Are the SQL concepts LEFT OUTER JOIN and WHERE NOT EXISTS basically the same?
As Michael already answered your question here is a quick sample to illustrate the difference:
Table A
Key Data
1 somedata1
2 somedata2
Table B
Key Data
1 data1
Left outer join:
SELECT *
FROM A
LEFT OUTER JOIN B
ON A.Key = B.Key
Result:
Key Data Key Data
1 somedata1 1
2 somedata2 null null
EXISTS use:
SELECT *
FROM A WHERE EXISTS ( SELECT B.Key FROM B WHERE A.Key = B.Key )
Not Exists In:
SELECT *
FROM A WHERE NOT EXISTS ( SELECT B.Key FROM B WHERE A.Key = B.Key )
Result:
Key Data
2 somedata2
No they are not the same thing, as they will not return the same rowset in the most simplistic use case.
The LEFT OUTER JOIN
will return all rows from the left table, both where rows exist in the related table and where they does not. The WHERE NOT EXISTS()

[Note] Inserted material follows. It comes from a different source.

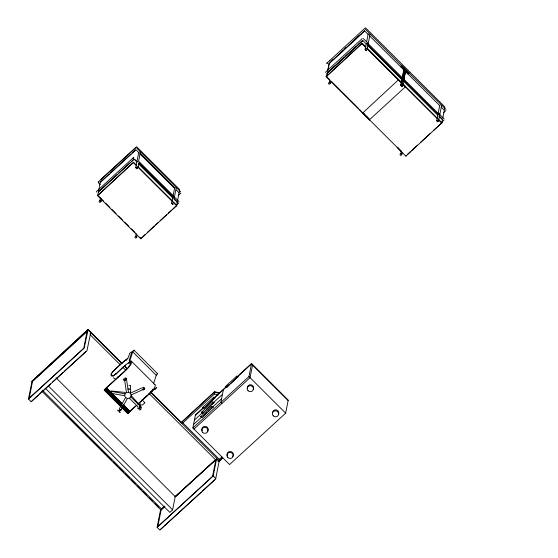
<?xml version="1.0" encoding="UTF-8"?>
<svg xmlns="http://www.w3.org/2000/svg" width="558" height="558" viewBox="0 0 558 558"><rect width="100%" height="100%" fill="white"/><g stroke="black" fill="none" stroke-linecap="round" stroke-linejoin="round"><path stroke-width="0.84" d="M127.873 358.382L129.77 353.402M96.401 192.078L96.708 191.282L133.676 157.412M125.641 379.21C123.785 380.144 125.878 380.786 126.017 378.917L125.662 378.568C125.097 379.203 125.292 381.135 125.006 379.747M124.685 395.762L125.027 393.857L126.478 392.525L128.486 392.281L130.279 393.216L131.179 394.966L130.837 396.877L129.386 398.203L127.384 398.454L125.585 397.519L124.685 395.762L112.27 393.523M137.826 166.542L176.823 205.428L140.825 238.789L97.566 195.656L133.564 162.294L136.612 165.328M97.796 194.993L100.377 181.845M101.521 199.039L101.019 201.605L100.454 202.115A0.788 0.746 11.1 0 1 99.345 202.087A0.788 0.746 11.1 0 1 99.359 201.026L99.924 200.51L100.398 198.09M88.094 329.436L31.904 381.302L88.094 329.436L122 363.244M97.566 195.656L133.564 162.294M138.565 163.78L172.68 197.797L173.245 197.281A0.788 0.746 11.1 0 1 174.354 197.316L139.075 162.141L138.028 167.498L136.856 168.76L135.761 167.672L136.87 162.022L137.435 161.506M137.122 160.739L138.733 152.522L139.298 152.013M140.449 151.811L138.586 161.311L174.41 197.03L176.272 187.53M137.254 235.232L136.285 237.827A0.788 0.746 11.1 0 1 135.175 237.799A0.788 0.746 11.1 0 1 135.189 236.738L135.754 236.222L136.25 233.669M109.793 393.592L110.798 392.141L111.154 392.49L110.149 393.941L109.919 392.944M110.275 393.292C109.64 394.36 110.986 393.697 110.142 393.32M140.825 238.789L145.408 234.214M119.14 410.807L120.144 409.356L120.493 409.705L119.489 411.155L119.266 410.158M119.614 410.507C119.817 412.104 119.335 409.809 119.837 410.883M130.098 389.575L130.656 386.715M130.565 391.786L130.279 393.216L142.325 387.726M173.245 203.97L172.68 204.479L171.585 203.391L172.785 197.281L139.277 163.864M172.945 196.458L174.584 188.22L175.121 187.732M176.607 205.414L179.02 193.089M179.223 192.343L179.132 192.81L176.23 189.915M179.348 191.45L179.627 189.497L136.591 146.712L100.858 179.383M143.078 387.385A1.018 0.97 11.1 0 1 144.438 387.852A1.018 0.97 11.1 0 1 143.978 389.142L143.162 389.889L142.743 389.582L143.315 388.528M139.486 408.01L139.361 408.658L139.005 408.31L140.009 406.859L140.365 407.207C140.197 408.044 139.242 409.286 139.354 408.038M139.5 407.486L139.639 406.901M142.743 389.582C143.664 388.926 143.05 390.767 143.225 389.282M144.103 388.48C143.455 389.791 143.706 387.454 144.103 388.48L143.978 389.128L143.685 388.145M161.129 509.733L157.816 526.633L213.219 475.869L216.595 458.927L175.212 496.592L172.617 509.81L169.813 512.384L45.721 388.647M219.043 461.696L215.625 479.113L159.853 530.093L157.112 527.324L160.446 510.312L164.791 506.141L161.562 509.342L164.652 506.511M217.878 461.215L219.42 460.943L219.329 459.269L182.885 422.929L181.092 422.72L214.551 391.681A49.857 47.521 11.1 0 1 219.224 392.965M236.871 376.964L251.532 363.53L288.214 400.107L285.654 413.157L229.561 464.556L192.873 427.972L195.433 414.929L203.084 407.919M201.787 417.698L201.884 417.238L200.692 416.61L211.914 406.329L213.1 406.956L201.787 417.698L200.692 416.61M202.659 413.276L202.749 412.808L201.564 412.181L212.779 401.9L213.972 402.527L202.659 413.276L201.564 412.181M203.572 408.616L214.886 397.868L213.7 397.24L202.477 407.521L203.572 408.616L214.886 397.868M214.551 391.681L214.467 393.99L182.885 422.929M223.388 389.693L220.919 402.276L222.014 403.364M226.618 387.496L237.931 376.755L236.745 376.127L225.523 386.408L226.618 387.496L229.205 384.748M215.953 459.374L212.521 476.504M150.262 391.988L219.42 460.943L222.077 458.125M192.873 427.972L248.973 376.573L251.532 363.53M252.53 365.085L250.068 377.668L193.968 429.067M402.918 84.007L405.387 86.469L405.289 86.936L369.389 119.831L326.13 76.69L362.198 43.266L365.846 46.9M327.204 73.07L326.681 76.334M327.525 71.431L328.976 64.037M326.744 76.544L327.225 74.075M327.874 70.789L329.164 64.219M330.796 81.342L329.827 83.944A0.788 0.746 11.1 0 1 328.718 83.916A0.788 0.746 11.1 0 1 328.732 82.856L329.29 82.34L329.792 79.787L326.221 76.23M326.13 76.69L362.128 43.329L365.776 46.97M328.788 63.724L364.709 30.425M366.78 50.087L366.222 50.597L365.127 49.509L366.222 43.915L366.787 43.398M366.648 41.752L368.099 34.359L368.657 33.85M366.997 49.725L368.085 44.166M368.182 43.677L369.968 34.582L369.752 34.938M402.939 83.888L441.929 122.767L405.938 156.128L362.679 112.995L362.77 112.528M369.389 119.831L369.48 119.363L366.62 117.068L359.443 109.354M362.679 112.995L398.6 79.703M401.104 67.134L401.195 66.667L403.887 69.631L402.234 78.078M402.116 86.253L400.874 85.011L402.074 78.901L402.981 78.232L404.766 69.136L403.846 69.869M400.951 85.228L402.046 79.634L367.317 45.01L367.882 44.494A0.788 0.746 11.1 0 0 367.896 43.433L403.169 78.608L402.116 83.965L400.951 85.228L402.046 86.323L402.604 85.806M402.471 77.471L403.943 70.064L404.48 69.569M407.752 73.907L407.842 73.44M402.367 152.571L401.397 155.166A0.788 0.746 11.1 0 1 400.288 155.138A0.788 0.746 11.1 0 1 400.302 154.078L400.86 153.562L401.362 151.009M405.938 156.128L406.029 155.661M438.351 121.309L437.786 121.825L436.691 120.73L439.69 105.567L440.227 105.071M439.146 114.892L439.474 113.246M438.56 120.947L439.662 115.353M439.753 114.899L441.531 105.804L441.322 106.166M444.335 109.682L444.238 110.149L441.343 107.255M441.838 122.879L442.487 119.586M442.808 117.947L444.259 110.554M444.58 108.908L444.803 106.878L365.706 28.012M129.163 360.342L131.848 352.161L134.018 350.173L157.558 373.651L156.268 375.318L153.52 383.73M129.749 361.019L132.72 351.833L156.268 375.318M111.879 392.56L111.488 393.23M126.743 378.987L126.352 379.656M121.219 409.774L120.828 410.444M144.829 388.549L144.438 389.219M141.09 407.277L140.7 407.947M106.18 388.005C106.787 389.024 102.295 391.486 105.413 388.598A54.83 9.535 -45.1 0 1 110.456 383.974A266.794 46.384 -45.1 0 0 115.611 379.328M127.942 413.199L127.761 413.659L130.077 411.406A44.703 7.77 -45.1 0 1 133.508 408.282L135.629 406.377A267.805 46.558 -45.1 0 0 136.745 405.373M329.625 60.745L329.855 60.445L329.806 60.934M139.87 407.647L139.626 407.221M119.363 408.742L125.585 397.519M121.163 409.677L127.384 398.454M117.843 409.956L117.654 410.458L118.359 411.162M123.555 378.896L123.172 379.67L123.876 380.375M141.927 400.407L139.8 402.22M407.996 73.356L407.8 73.67L405.61 71.487M366.243 116.05L369.563 119.831L369.48 119.363M405.575 70.664L405.792 70.301L403.804 79.696M403.713 80.157L405.812 69.827L409.467 73.677L409.467 73.196L409.621 73.754L365.26 29.072M141.404 408.651L140.888 409.237M444.168 119.935L441.49 122.425M139.925 407.612L140.365 407.207M125.438 380.033C124.65 379.838 125.683 378.77 125.885 379.566M139.786 408.323C138.998 408.128 140.03 407.068 140.232 407.856M98.578 181.789L135.538 147.912M143.525 389.596C142.925 388.954 144.048 388.577 143.022 389.372M150.018 392.846L150.779 392.03A7.261 1.262 -45.1 0 0 151.734 390.914M100.245 182.173L109.208 173.957M110.484 172.785L130.97 154.022M132.246 152.85L135.448 149.914M100.154 182.633L135.999 149.795L138.733 152.522M98.382 191.666L116.943 174.661M118.861 172.903L129.742 162.936M131.667 161.171L133.585 159.414M98.292 192.133L134.136 159.288M135.761 167.672L136.326 167.156M174.34 198.376L173.775 198.892L177.256 202.359M178.253 195.53L180.806 193.194M171.585 203.391L172.15 202.875M327.232 62.845L365.169 27.998M331.438 60.913L333.356 59.155M340.394 52.703L342.954 50.36M344.872 48.602L346.155 47.43M353.193 40.978L356.388 38.049M357.671 36.877L358.947 35.705M329.185 63.612L364.527 31.227M176.384 205.086L178.93 202.749M147.333 232.449L154.385 225.99M155.661 224.811L158.228 222.461M160.153 220.703L166.563 214.83M168.488 213.065L171.69 210.129M172.973 208.95L176.823 205.428M325.342 72.373L362.295 38.509M339.808 61.031L342.368 58.688M353.249 48.72L355.809 46.377M329.311 71.012L335.735 65.126M337.025 63.947L344.091 57.474M345.374 56.295L355.655 46.872M358.229 44.521L362.728 40.399M326.911 73.279L362.742 40.441L366.222 43.915M327.309 73.161L362.651 40.783M365.127 49.509L365.685 48.992M366.948 48.204L401.683 82.779M31.952 400.951L38.369 395.071M39.653 393.892L50.569 383.89M52.494 382.125L63.403 372.13M64.693 370.951L85.876 351.54M402.709 78.601L402.151 79.117L367.422 44.487L402.172 79.097M400.874 85.011L401.432 84.495M401.969 86.099L403.134 84.844L404.187 79.48L439.46 114.655A0.788 0.746 11.1 0 0 438.351 114.627L437.793 115.136L403.671 81.119M111.154 392.49L110.756 392.602M438.455 114.104L437.89 114.62L403.776 80.596L437.918 114.599M443.366 112.869L445.912 110.533M120.054 410.109L120.493 409.705M436.691 120.73L437.256 120.214M407.312 154.489L410.514 151.553M411.797 150.381L417.565 145.094M420.774 142.151L430.392 133.341M433.594 130.405L441.929 122.767M139.13 407.661L140.009 406.859M181.092 422.72L214.46 392.148A49.857 47.521 11.1 0 1 219.134 393.432M213.916 397.987L226.032 386.889M195.342 415.389L203.628 407.8M213.191 399.04L228.487 385.02M237.415 376.845L251.435 363.99L288.123 400.574M230.454 383.604L237.931 376.755M194.428 420.055L203.349 411.874M213.554 402.527L222.475 394.353M206.488 409.384L210.226 405.952M211.475 404.815L213.972 402.527M193.556 424.478L201.843 416.889M212.047 407.542L221.61 398.782M203.126 416.094L206.865 412.669M208.113 411.525L213.1 406.956M160.439 510.368L164.736 506.434M219.329 459.269L221.854 456.953M219.42 460.943L222.628 458.006M160.551 529.361L201.264 492.058M202.54 490.894L214.628 479.817M215.82 478.722L213.219 475.869L157.119 527.366M133.599 157.684L133.041 158.2L136.87 162.022M401.983 79.362L403.692 78.65L403.371 78.329L405.185 69.059L401.209 65.23L445.919 109.361M175.093 496.732L215.521 459.764L149.146 393.571M142.074 400.149L142.597 399.674A266.794 46.384 -45.1 0 0 146.043 396.515M110.324 393.16L110.672 392.79L111.021 393.139M119.663 410.374L120.012 409.997L120.368 410.353M179.271 493.146L175.156 496.885L216.588 459.025L219.273 461.696M129.93 353.137L131.339 351.91M90.089 333.607L90.598 333.286L86.943 350.794L31.171 401.739M140.602 409.509L139.716 410.102L138.928 409.37M125.362 380.096L124.929 379.81M139.709 408.386L139.277 408.1L139.556 408.512M363.837 113.818L369.563 119.831M129.679 361.542L130.405 361.145L128.194 363.377M156.38 387.461L155.863 387.887A38.293 6.661 -45.1 0 0 154.622 388.905M120.458 412.243L119.851 412.599L119.063 411.867M132.051 352.342L134.018 350.173M157.091 373.846L157.558 373.651M144.348 402.841L144.815 402.646L142.688 404.885A37.037 6.438 -45.1 0 1 140.135 403.574M131.179 394.966L143.225 389.484M118.122 376.587L116.252 378.77A37.037 6.438 -45.1 0 1 113.699 377.459M156.596 387.322C157.6 387.447 153.729 390.705 154.984 388.807L154.447 389.254A37.56 6.529 -45.1 0 0 148.163 394.743A37.609 6.543 -45.1 0 0 144.292 398.391L142.743 399.919A4.143 0.718 -45.1 0 0 142.137 400.581M154.168 384.588L154.44 384.56A19.042 3.313 -45.1 0 1 155.257 385.564A22.125 3.843 -45.1 0 1 154.517 387.496L154.141 388.18A8.83 1.535 -45.1 0 1 153.422 389.268L153.129 389.665A8.83 1.535 -45.1 0 1 151.295 391.876L149.432 393.767A267.805 46.558 -45.1 0 1 137.882 404.341M397.61 147.563L397.247 147.431L397.784 147.472M136.612 147.989L180.813 192.022M401.718 65.328L401.209 65.607L401.76 66.158M111.028 390.956L125.306 392.427M28.437 399.047L84.209 348.066L87.857 330.552L31.966 381.686L28.43 399.005L31.22 401.781M125.027 393.857L110.958 391.318A1.018 0.97 11.1 0 0 109.787 392.086M214.467 393.99L218.213 394.966M363.356 38.635L367.799 42.959M202.477 407.521L203.663 408.149M405.547 71.563L439.69 105.567M364.618 30.892L368.099 34.359M369.801 36.061L403.943 70.064M439.648 114.467L444.056 118.861M439.571 116.287L442.466 119.182L442.368 119.698L438.888 116.231M367.059 48.114L401.718 82.668M398.579 80.101L401.627 83.135M402.841 84.349L436.963 118.373M438.183 119.586L441.838 123.234M362.037 43.796L365.678 47.437M366.899 48.644L401.593 83.24M402.827 84.474L405.289 86.936M400.944 84.949L402.039 86.037M436.761 120.668L437.856 121.763M365.197 49.446L366.292 50.534M331.48 81.468L358.222 108.133M400.86 153.562L401.955 154.657M329.29 82.34L330.385 83.428M140.567 154.029L173.35 186.721M174.542 197.127L178.951 201.522M139.298 163.843L167.937 192.398M169.151 193.612L172.806 197.26M134.771 159.372L136.961 161.555M174.459 198.948L177.36 201.843M138.705 163.529L173.308 198.034M133.474 162.755L136.515 165.796M137.735 167.009L171.857 201.033M173.071 202.247L176.733 205.895M135.831 167.609L136.926 168.697M171.655 203.328L172.75 204.416M98.536 182.926L100.182 184.565M98.885 196.409L103.788 201.299M105.622 203.126L109.912 207.402M111.746 209.236L116.036 213.512M118.491 215.96L122.774 220.236M124.615 222.063L128.905 226.339M131.353 228.787L135.029 232.449M139.73 237.136L140.916 238.322M99.924 200.51L101.019 201.605M135.754 236.222L136.85 237.317M248.973 376.573L285.654 413.157M236.745 376.127L237.841 377.215M213.7 397.24L214.795 398.335M212.779 401.9L213.874 402.995M211.914 406.329L213.01 407.424M131.465 361.235L155.012 384.713M129.344 362.428L130.551 363.635M130.865 364.165L129.051 362.358L129.533 362.261A19.872 3.453 -45.1 0 1 130.586 363.119A20.548 3.571 -45.1 0 1 129.902 364.911L129.568 365.511A7.261 1.262 -45.1 0 1 127.231 368.552L125.948 369.849A266.794 46.384 -45.1 0 1 117.326 377.766M124.462 365.699L126.317 367.548M150.974 392.135L181.183 422.26M88.004 329.897L121.909 363.711M124.371 366.167L126.84 368.629M90.138 334.737L120.256 364.765M122.718 367.22L125.787 370.282M142.946 389.435L143.301 389.784M142.876 389.484L143.232 389.84M124.859 379.872L125.215 380.221M124.72 379.97L125.138 380.277M142.109 399.947L144.815 402.646M130.837 396.877L140.811 406.817A1.018 0.97 11.1 0 1 141.097 407.514M129.386 398.203L138.189 406.977M139.068 408.268L139.486 408.568M137.519 407.961L138.224 408.665M110.066 391.646L106.529 387.929A44.703 7.77 -45.1 0 1 109.961 384.804L112.032 382.941A268.363 46.656 -45.1 0 0 125.885 370.289L127.747 368.399A8.83 1.535 -45.1 0 0 130.593 364.702L130.97 364.018A22.125 3.843 -45.1 0 0 131.709 362.086A19.042 3.313 -45.1 0 0 130.488 361.131L129.868 361.305A2.288 0.398 -45.1 0 1 129.735 361.305M111.872 393.439L122.139 403.692M123.346 404.878L129.986 411.518M106.383 388.194L110.003 391.807M111.816 393.613L122.076 403.846M123.283 405.052L129.923 411.671M106.243 388.41L109.87 392.023M111.677 393.829L121.944 404.062M123.151 405.261L129.791 411.888M106.048 388.668L109.668 392.281M111.481 394.087L121.749 404.32M122.955 405.526L129.596 412.146M110.1 393.118L110.575 393.606M105.804 388.954L109.424 392.567M111.237 394.373L121.498 404.606M122.704 405.812L129.344 412.432M110.066 393.383L110.421 393.739M109.996 393.446L110.351 393.795M105.525 389.247L121.219 404.899M122.425 406.105L129.065 412.732M105.225 389.533L121.525 405.785M122.739 406.991L128.772 413.011M104.939 389.784L121.239 406.036M122.446 407.242L128.486 413.262M104.681 389.979L120.981 406.238M122.188 407.445L128.228 413.464M104.262 389.937L120.765 406.377M121.972 407.577L128.005 413.604M104.2 390.091L121.1 406.949M121.721 407.64L127.845 413.666M119.44 410.332L119.914 410.821M119.342 410.66L119.691 411.009M119.203 410.758L119.621 411.065M56.058 377.78L175.212 496.592M48.525 386.073L172.617 509.81M42.464 390.237L161.618 509.049M62.845 411.595L88.143 436.816M89.378 438.051L99.861 448.506M101.096 449.741L106.034 454.658M107.269 455.893L111.586 460.197M113.434 462.045L117.759 466.349M118.993 467.583L123.311 471.887M125.159 473.735L129.477 478.039M131.332 479.887L135.029 483.577M137.498 486.039L141.202 489.729M143.05 491.577L146.754 495.267M149.223 497.729L152.306 500.805M155.396 503.881L158.479 506.957M41.773 391.144L160.857 509.886M397.247 147.431L401.272 151.476L397.812 147.472M131.123 395.448L140.881 406.461M366.278 116.559L363.9 113.42M366.564 116.336L369.466 119.761M128.486 392.281L126.422 378.736A1.018 0.97 11.1 0 0 124.476 378.484M124.546 379.831L126.478 392.525M129.798 411.288A54.83 9.535 -45.1 0 1 134.004 407.452A266.794 46.384 -45.1 0 0 135.72 405.91M139.151 402.806A266.794 46.384 -45.1 0 1 138.007 403.846M152.941 389.268A7.261 1.262 -45.1 0 1 152.529 389.882M152.285 390.209A7.261 1.262 -45.1 0 1 152.02 390.558M128.94 362.407A3.641 0.635 -45.1 0 1 128.633 362.435M141.844 400.7A4.931 0.858 -45.1 0 1 142.946 399.507A38.293 6.661 -45.1 0 1 146.887 395.741M148.198 394.527A38.293 6.661 -45.1 0 1 152.09 391.053M125.655 364.939A38.293 6.661 -45.1 0 0 116.51 373.393A4.931 0.858 -45.1 0 0 115.75 374.188M115.694 374.467A4.143 0.718 -45.1 0 1 116.301 373.804L117.85 372.27A37.609 6.543 -45.1 0 1 121.7 368.657L121.728 368.629A37.56 6.529 -45.1 0 1 128.005 363.132M130.195 392.065A1.932 1.841 11.1 0 0 130.774 390.781L130.712 390.3A1.932 1.841 11.1 0 0 127.901 389.1M128.982 385.738A1.011 0.963 11.1 0 1 130.202 385.62M130.412 385.78A1.011 0.963 11.1 0 1 130.663 386.22M119.628 410.904A1.018 0.97 11.1 0 1 118.993 410.465M272.548 412.78A3.139 2.992 11.1 0 1 276.531 409.997A3.139 2.992 11.1 0 1 278.379 414.448M202.317 430.804A3.139 2.992 11.1 0 1 203.286 426.877A3.139 2.992 11.1 0 1 207.478 427.526A3.139 2.992 11.1 0 1 207.241 431.571M227.504 455.921A3.139 2.992 11.1 0 1 228.473 451.994A3.139 2.992 11.1 0 1 232.665 452.643A3.139 2.992 11.1 0 1 232.435 456.688M247.452 388.438A3.139 2.992 11.1 0 1 250.94 384.79A3.139 2.992 11.1 0 1 253.186 389.331M111.53 373.944L111.523 374.195A36.256 6.305 -45.1 0 0 113.518 375.569L115.639 373.804L113.511 376.036A37.037 6.438 -45.1 0 1 110.958 374.732L110.965 374.467A4.931 0.858 -45.1 0 1 113.769 370.658A38.293 6.661 -45.1 0 1 126.68 359.038C129.554 356.827 124.587 362.316 125.808 359.959L125.271 360.405A37.56 6.529 -45.1 0 0 118.987 365.902L118.959 365.922A37.609 6.543 -45.1 0 0 115.115 369.542L113.56 371.07A4.143 0.718 -45.1 0 0 111.551 373.797L111.53 373.937M98.334 182.152L98.306 182.347A0.788 0.739 17.2 0 1 98.543 181.838L98.341 182.152M326.967 63.242L326.939 63.438A0.788 0.739 17.2 0 1 327.169 62.928L326.967 63.242M32.517 381.379L29.211 398.217L83.777 348.227L87.083 331.382L32.517 381.379M174.584 188.22L139.856 153.596L174.556 188.248M273.253 415.856A3.139 2.992 11.1 0 0 278.519 414.664A3.139 2.992 11.1 0 0 274.724 410.883A3.139 2.992 11.1 0 0 273.253 415.856M248.066 390.74A3.139 2.992 11.1 0 0 253.325 389.547A3.139 2.992 11.1 0 0 249.531 385.766A3.139 2.992 11.1 0 0 248.066 390.74M202.624 432.373A3.139 2.992 11.1 0 0 207.89 431.181A3.139 2.992 11.1 0 0 204.095 427.4A3.139 2.992 11.1 0 0 202.624 432.373M227.817 457.49A3.139 2.992 11.1 0 0 233.077 456.298A3.139 2.992 11.1 0 0 229.282 452.517A3.139 2.992 11.1 0 0 227.817 457.49"/></g></svg>

subquery will only return rows where the relationship is not met.
However, if you did a LEFT OUTER JOIN
and looked for IS NULL
on the foreign key column in the WHERE
clause, you can make equivalent behavior to the WHERE NOT EXISTS
.
For example this:
SELECT
t_main.*
FROM
t_main
LEFT OUTER JOIN t_related ON t_main.id = t_related.id
/* IS NULL in the WHERE clause */
WHERE t_related.id IS NULL
Is equivalent to this:
SELECT
t_main.*
FROM t_main
WHERE
NOT EXISTS (
SELECT t_related.id
FROM t_related
WHERE t_main.id = t_related.id
)
But this one is not equivalent:
It will return rows from t_main
both having and not having related rows in t_related
.
SELECT
t_main.*
FROM
t_main
LEFT OUTER JOIN t_related ON t_main.id = t_related.id
/* WHERE clause does not exclude NULL foreign keys */
Note This does not speak to how the queries are compiled and executed, which differs as well -- this only addresses a comparison of the rowsets they return.
Left outer join is more flexible than where not exists. You must use a left outer join if you want to return any of the columns from the child table. You can also use the left outer join to return records that match the parent table as well as all records in the parent table that have no match. Where not exists only lets you return the records with no match.
However in the case where they do return the equivalent rows and you do not need any of the columns in the right table, then where exists is likely to be the more performant choice (at least in SQL server, I don't know about other dbs).